I guess it's important to realise that you are not going to learn everything in 2 weeks worth of training.  Every school will fall short of your expectation if you expect to become an expert in that time frame.  It's similar to taking a 2 day SFA course.  There is no way to answer all the questions and 'what if' statements in that time frame and also cover the material.

Pick your place (wherever it is, just because I liked PMA doesn't mean that SAIT, AHASTI, SJA, etc might not rock your world), get the text ahead of the class and start reading so you are prepared for the material to be covered in each class.  Try to get comfortable with the material but don't go too far ahead because then you'll waste time trying to re-learn what you read but forgot.  Be ready to put the time in and clear your schedule for the duration of the course, regardless of where you choose.  That's my advice.

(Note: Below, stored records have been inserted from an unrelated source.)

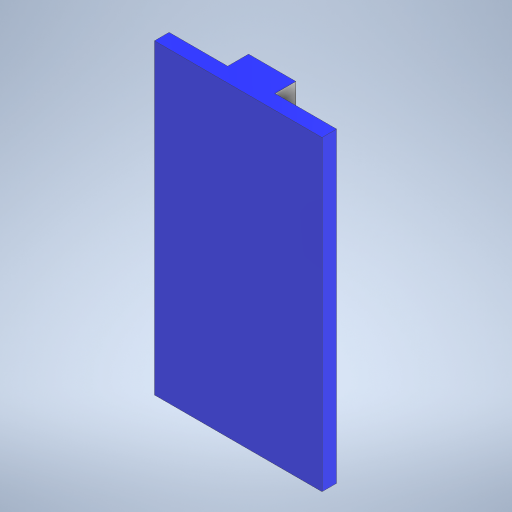
# Autodesk Inventor part: Arduino Pro Micro
Saved by Autodesk Inventor 2023.1 (Build 271208000, 208)
## iProperties
Created: 2022-10-09
Part Number: Arduino Pro Micro
Material: Generic
Document SubType Name: Modeling
Designer: Nick
Density: 1 g/cm^3
Appearance: Default
Author: Nick
Autodesk Inventor part; units mm, degrees
ref_plane "YZ Plane" through (0, 0, 0) normal (1, 0, 0) x (0, 1, 0)
ref_plane "XZ Plane" through (0, 0, 0) normal (0, 1, 0) x (-1, 0, 0)
sketch "Sketch1" plane through (0, 0, 0) normal (0, 0, 1) x (1, 0, 0)
  line L0 (0, 0) -> (18.3388, 0)
  line L1 (18.3388, 0) -> (18.3388, 33.5788)
  line L2 (18.3388, 33.5788) -> (0, 33.5788)
  line L3 (0, 33.5788) -> (0, 0)
  dimension "d0" = 18.3388
  dimension "d1" = 33.5788
  constraints: 8 end point, 2 parallel, 1 horizontal, 1 perpendicular
  measures "d0" distance of L0.start L0.end
  measures "d1" distance of L0.end L1.end
extrude "Extrusion1" add sketch "Sketch1" along normal blind 3.8862
ref_plane "Work Plane1" through (0, 0, 2.2862) normal (0, 0, 1) x (1, 0, 0)
sketch "Sketch2" plane through (0, 0, 2.2862) normal (0, 0, 1) x (1, 0, 0)
  line L0 (6.4131, 34.1392) -> (11.5922, 34.1392)
  line L1 (11.5922, 34.1392) -> (11.5922, 29.707)
  line L2 (11.5922, 29.707) -> (6.4131, 29.707)
  line L3 (6.4131, 29.707) -> (6.4131, 34.1392)
  line L4 (18.3388, 0) -> (18.3388, 33.5788) projected
  line L5 (18.3388, 33.5788) -> (0, 33.5788) projected
  line L6 (0, 33.5788) -> (0, 0) projected
  line L7 (0, 0) -> (18.3388, 0) projected
  point P0 (6.4131, 33.5788)
  point P1 (11.5922, 33.5788)
  constraints: 8 end point, 2 parallel, 1 horizontal, 1 perpendicular
extrude "Extrusion2" cut sketch "Sketch2" against normal blind 25.4 contours L3 L2 L1 L5 L4 L7 L6
body "Solid1"
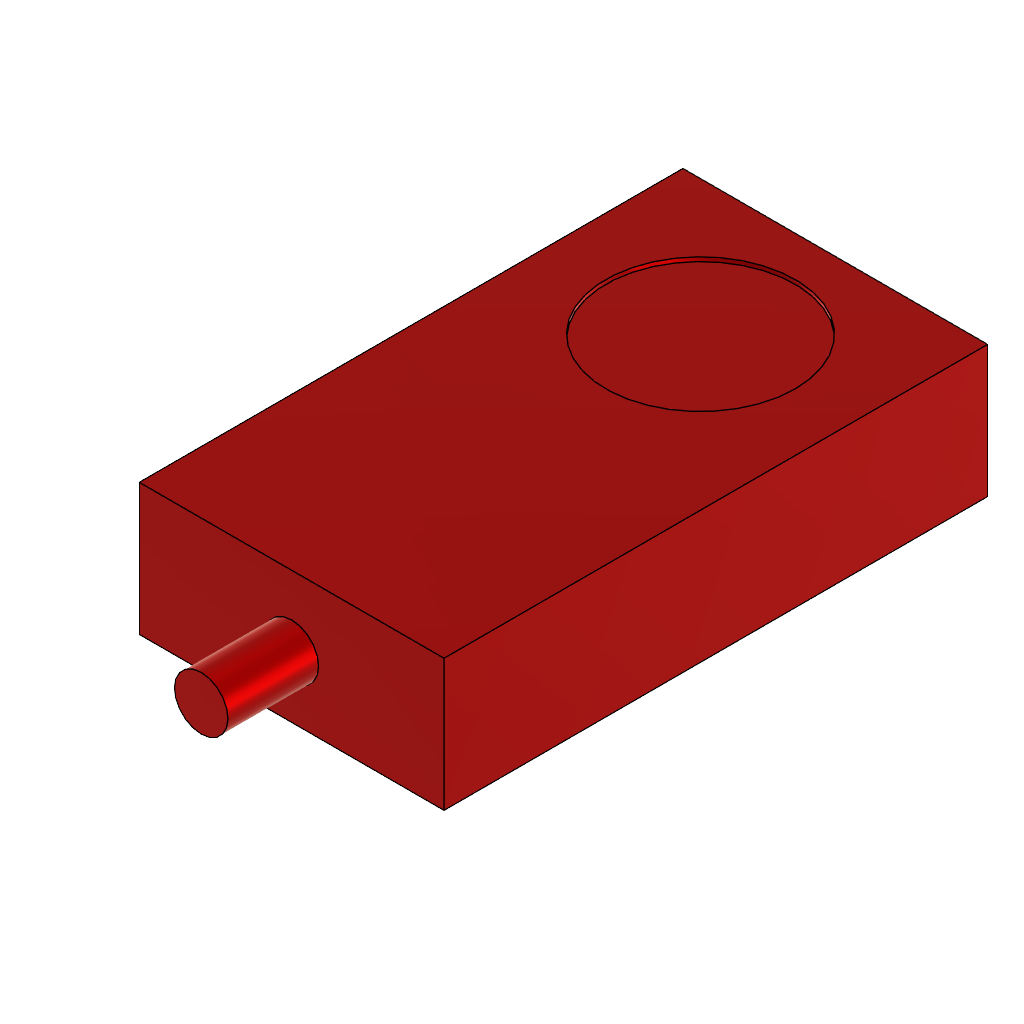
VTX_Foxeer_Reaper_Inf (Autodesk Fusion 360 design; units mm, degrees)
part number: 2026-09-23-14-11-19-425
Autodesk Fusion 360 part; units mm, degrees
sketch "Sketch1" plane through (0, 0, 0) normal (0, 0, 1) x (1, 0, 0)
  line L0 (-18.5, 33) -> (18.5, 33)
  line L1 (18.5, 33) -> (18.5, -33)
  line L2 (18.5, -33) -> (-18.5, -33)
  line L3 (-18.5, -33) -> (-18.5, 33)
  line L4 (-18.5, 33) -> (18.5, -33) construction
  line L5 (18.5, 33) -> (-18.5, -33) construction
  dimension "d1" = 37
  dimension "d2" = 66
  constraint horizontal L0
  constraint perpendicular L0 L1
  constraint parallel L0 L2
  constraint parallel L1 L3
  constraint coincident L4 origin
  constraint coincident L5 origin
  measures "d1" distance of L1.end L2.end
  measures "d2" distance of L0.end L1.end
extrude "Extrude1" add sketch "Sketch1" along normal blind 16 makes body 1
sketch "Sketch2" plane through (0, 0, 0) normal (0, 0, 1) x (1, 0, 0)
  line L0 (10, -10) -> (-10, -10) construction
  line L1 (-10, -10) -> (-10, 10) construction
  line L2 (-10, 10) -> (10, 10) construction
  line L3 (10, 10) -> (10, -10) construction
  line L4 (10, -10) -> (-10, 10) construction
  line L5 (-10, -10) -> (10, 10) construction
  circle A0 centre (10, 10) radius 1
  circle A1 centre (10, -10) radius 1
  circle A2 centre (-10, 10) radius 1
  circle A3 centre (-10, -10) radius 1
  dimension "d5" = 2
  dimension "d6" = 2
  dimension "d7" = 2
  dimension "d8" = 2
  constraint horizontal L0
  constraint perpendicular L0 L1
  constraint parallel L0 L2
  constraint parallel L1 L3
  constraint coincident L4 origin
  constraint coincident L5 origin
  constraint coincident L2.end L3.start
  constraint coincident L0.start L3.end
  constraint coincident L1.end L2.start
  constraint coincident L0.end L1.start
  measures "d5" diameter of A0
  measures "d6" diameter of A1
  measures "d7" diameter of A2
  measures "d8" diameter of A3
extrude "Extrude2" cut sketch "Sketch2" along normal blind 2.5 bodies 1
sketch "Sketch3" plane through (0, -33, 0) normal (0, -1, 0) x (1, 0, 0)
  line L0 (-18.5, 0) -> (18.5, 0)
  line L1 (18.5, 0) -> (18.5, 16)
  line L2 (18.5, 16) -> (-18.5, 16)
  line L3 (-18.5, 16) -> (-18.5, 0)
  circle A0 centre (0, 7.5245) radius 3.25
  dimension "d11" = 6.5
  measures "d11" diameter of A0
sketch "Sketch4" plane through (0, -33, 0) normal (0, -1, 0) x (1, 0, 0)
  line L0 (-18.5, 0) -> (18.5, 0)
  line L1 (18.5, 0) -> (18.5, 16)
  line L2 (18.5, 16) -> (-18.5, 16)
  line L3 (-18.5, 16) -> (-18.5, 0)
  circle A0 centre (0.0221, 7.5311) radius 3.25
  dimension "d12" = 6.5
  measures "d12" diameter of A0
extrude "Extrude3" add sketch "Sketch4" along normal blind 11 contours A0 bodies 1
sketch "Sketch5" plane through (0, 0, 16) normal (0, 0, 1) x (-1, 0, 0)
  line L0 (18.5, 33) -> (-18.5, 33)
  line L1 (-18.5, 33) -> (-18.5, -33)
  line L2 (-18.5, -33) -> (18.5, -33)
  line L3 (18.5, -33) -> (18.5, 33)
  circle A0 centre (0, -16.6341) radius 11.5
  dimension "d15" = 23
  measures "d15" diameter of A0
extrude "Extrude4" cut sketch "Sketch5" against normal blind 0.5 contours A0 bodies 1
sketch "Sketch6" plane through (-18.5, 0, 0) normal (-1, 0, 0) x (0, -1, 0)
  line L0 (-33, 0) -> (33, 0)
  line L1 (33, 0) -> (33, 16)
  line L2 (33, 16) -> (-33, 16)
  line L3 (-33, 16) -> (-33, 0)
  line L4 (-28, 6) -> (-21, 6)
  line L5 (-21, 6) -> (-21, 4)
  line L6 (-21, 4) -> (-28, 4)
  line L7 (-28, 4) -> (-28, 6)
  constraint horizontal L4
  constraint vertical L5
  constraint horizontal L6
  constraint vertical L7
extrude "Extrude5" add sketch "Sketch6" along normal blind 1.5 separate body contours L4 L5 L6 L7 makes body 2
sketch "Sketch7" plane through (0, 33, 0) normal (0, 1, 0) x (-1, 0, 0)
  line L0 (-18.5, 0) -> (18.5, 0)
  line L1 (18.5, 0) -> (18.5, 16)
  line L2 (18.5, 16) -> (-18.5, 16)
  line L3 (-18.5, 16) -> (-18.5, 0)
  line L4 (-5, 8) -> (5, 8)
  line L5 (5, 8) -> (5, 5)
  line L6 (5, 5) -> (-5, 5)
  line L7 (-5, 5) -> (-5, 8)
  constraint horizontal L4
  constraint vertical L5
  constraint horizontal L6
  constraint vertical L7
extrude "Extrude6" cut sketch "Sketch7" against normal blind 1.5 contours L4 L5 L6 L7 bodies 1
combine "Combine1" operation add target body 1 tool bodies 2

I have met people from all the places I mentioned who loved their program and feel prepared.  I also know of people who actively badmouth the other programs and those who take the programs - I don't agree with that approach.  Each program has its issues and let's just see this for what it is, pumping out EMR/EMTs is a business and there are plenty of companies just cranking out medics, some are good and others not so much.

If you want a bit of hand holding and a solid program, PMA for the EMR is great.  I felt prepared to do the ACP exam and did really well.  It's difficult for me to know what it would be like to take the EMR elsewhere.  I was just miffed at AHASTI due to their stick approach so I voted with my feet.  I didn't consider SAIT or SJA to be for me, for whatever reason.

Sorry I can't be more helpful.


----------



## InsidiousStealth

No that was very helpful. I got a seat at SAIT for EMT in september so I am going to take that...but PMA has always struck my attention...Me and my mom actually did some research on all the places to take EMT and we came to the conclusion that SAIT and PMA are probably the best and most credible. I am just taking this SAIT seat because PMA looks like it might be kind of hard to get into with the whole 150 question entrance exam etc....I just wanted to go to sait cause they said i already have a seat so its less stress on my behalf you know? I should consider doing some volunteer work as well


----------



## calamity jane

InsidiousStealth said:


> No that was very helpful. I got a seat at SAIT for EMT in september so I am going to take that...but PMA has always struck my attention...Me and my mom actually did some research on all the places to take EMT and we came to the conclusion that SAIT and PMA are probably the best and most credible. I am just taking this SAIT seat because PMA looks like it might be kind of hard to get into with the whole 150 question entrance exam etc....I just wanted to go to sait cause they said i already have a seat so its less stress on my behalf you know? I should consider doing some volunteer work as well



Go with what will work best for you.  If you can pass the ACP exam you can pass a 150 question entrance exam.  I wouldn't be put off by a hoop to jump through because if you can pass the ACP EMR you can pass an entrance exam based on the knowledge from the EMR, which you need to continue on to the EMT anyway... I'm thinking of it as a review before starting the EMT.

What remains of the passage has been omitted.